Tapi sebagai rakyat yang juga ingin di perhatikan pemerintah, ia memendam harap kepada pemerintah terlebihnya kepada walikota terpilih agar di kemudian hari akan di adakanya bantuan modal usaha untuk masyarakat yang tak memiliki barang untuk di tukarkan menjadi modal usaha seperti keluarganya, syukur syukur kalo di kasih tempat tinggal yang lebih layak katanya.
Selama ini ia hanya menumpang dan berjualan cemilan dan buah alakadarnya, jadi penghasilanya juga alakadarnya, ya begitulah kehidupan keluarga kecil kami ini kata tuk Nasir sambil tersenyum penuh harap.

Tuk Nasir juga berpesan kepada saya dan teman teman dari Pondok Kreatif untuk jangan pernah mengeluh karna mengeluh itu sama saja dengan memperberat langkah kita untuk terus berjuang melewati ujian hidup yang tuhan berikan, kalian masih muda dan masih mempunyai banyak harapan untuk menjadi orang yang lebih baik dari atuk, kalian harus terus belajar dan belajar, belajar lah dari pengalaman orang lain karna pengalaman adalah gurunya kehidupan.

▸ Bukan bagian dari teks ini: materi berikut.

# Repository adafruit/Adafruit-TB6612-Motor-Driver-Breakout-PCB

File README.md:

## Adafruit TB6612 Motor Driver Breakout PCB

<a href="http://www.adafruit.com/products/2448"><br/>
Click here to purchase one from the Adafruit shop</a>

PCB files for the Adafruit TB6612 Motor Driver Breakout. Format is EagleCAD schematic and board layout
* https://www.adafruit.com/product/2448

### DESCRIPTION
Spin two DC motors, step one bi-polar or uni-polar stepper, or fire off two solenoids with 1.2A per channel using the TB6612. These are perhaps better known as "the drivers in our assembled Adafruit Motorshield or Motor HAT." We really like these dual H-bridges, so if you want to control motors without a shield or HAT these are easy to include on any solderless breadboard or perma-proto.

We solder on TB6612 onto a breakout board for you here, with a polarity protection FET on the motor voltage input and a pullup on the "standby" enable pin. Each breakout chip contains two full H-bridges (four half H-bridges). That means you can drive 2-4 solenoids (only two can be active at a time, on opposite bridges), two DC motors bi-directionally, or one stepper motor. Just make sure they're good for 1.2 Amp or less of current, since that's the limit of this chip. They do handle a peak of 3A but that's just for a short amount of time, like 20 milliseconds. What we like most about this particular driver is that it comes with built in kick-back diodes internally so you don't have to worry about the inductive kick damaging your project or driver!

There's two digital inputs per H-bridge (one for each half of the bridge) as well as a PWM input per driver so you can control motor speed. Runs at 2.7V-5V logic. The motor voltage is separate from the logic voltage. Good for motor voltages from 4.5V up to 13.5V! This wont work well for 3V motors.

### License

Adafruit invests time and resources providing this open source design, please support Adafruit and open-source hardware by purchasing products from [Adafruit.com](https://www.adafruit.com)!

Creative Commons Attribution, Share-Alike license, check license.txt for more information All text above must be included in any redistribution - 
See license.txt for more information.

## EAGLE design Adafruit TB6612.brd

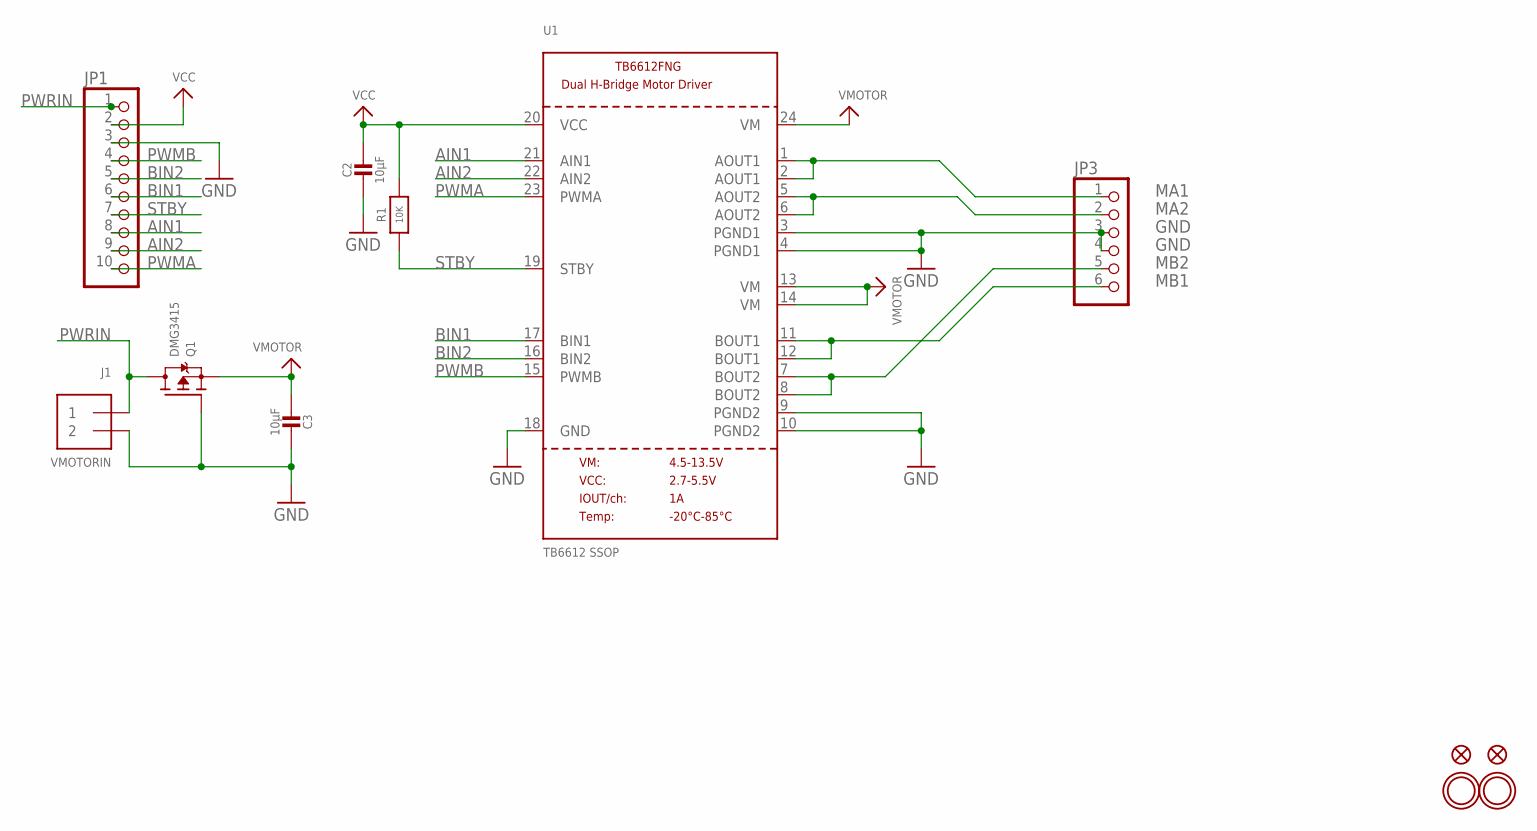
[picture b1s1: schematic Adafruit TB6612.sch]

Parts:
C2, C3: 10µF; 0805-NO
FID1, FID2: FIDUCIAL""; FIDUCIAL_1MM
J1: VMOTORIN; TERMBLOCK_1X2-3.5MM
JP1: HEADER-1X10THICKER; 1X10_ROUND_76
JP3: PINHD-1X6CB; 1X06-CLEANBIG
Q1: DMG3415; SOT23-WIDE
R1: 10K; 0805-NO
U1: TB6612 SSOP; SSOP24
U$13, U$14: MOUNTINGHOLE2.5; MOUNTINGHOLE_2.5_PLATED

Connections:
AIN1: JP1.8, U1.21 (AIN1)
AIN2: JP1.9, U1.22 (AIN2)
BIN1: JP1.6, U1.17 (BIN1)
BIN2: JP1.5, U1.16 (BIN2)
GND: C2.2, C3.2, J1.2, JP1.3, JP3.3, JP3.4, Q1.1 (G), U1.3 (PGND1), U1.4 (PGND1), U1.9 (PGND2), U1.10 (PGND2), U1.18 (GND)
MA1: JP3.1, U1.1 (AOUT1), U1.2 (AOUT1)
MA2: JP3.2, U1.5 (AOUT2), U1.6 (AOUT2)
MB1: JP3.6, U1.11 (BOUT1), U1.12 (BOUT1)
MB2: JP3.5, U1.7 (BOUT2), U1.8 (BOUT2)
PWMA: JP1.10, U1.23 (PWMA)
PWMB: JP1.4, U1.15 (PWMB)
PWRIN: J1.1, JP1.1, Q1.3 (D)
STBY: JP1.7, R1.1, U1.19 (STBY)
VCC: C2.1, JP1.2, R1.2, U1.20 (VCC)
VMOTOR: C3.1, Q1.2 (S), U1.13 (VM), U1.14 (VM), U1.24 (VM)

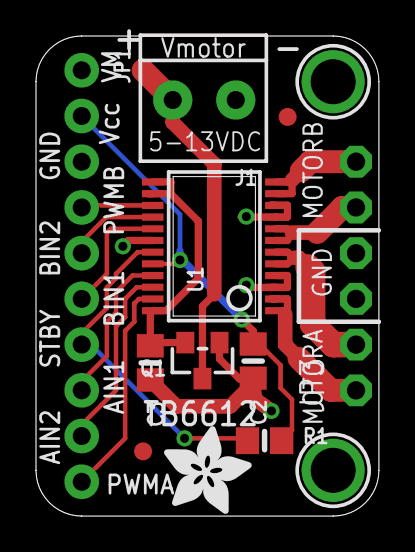
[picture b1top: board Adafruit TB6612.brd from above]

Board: 2 copper layers, 19.1 x 26.7 mm, 14 parts (1 on the bottom side), 15 nets.

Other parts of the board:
U$11: ADAFRUIT_3.5MM
U$15: ADAFRUIT_5MM

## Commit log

2016-10-01 init

Pergunakan ilmu yang kalian dapat di sekolah sebaik mungkin dan jangan lupa untuk selalu ikhlas menolong sesama, jangan pernah berhenti untuk berusaha nak katanya. Sontak suasana rumah tuk Nasir pun menjadi haru, saya dan teman teman seolah berat untuk berpamitan. Namun karna waktu sudah menunjukkan pukul 23:40 wib kami pun berpamitan sembari menahan sendu.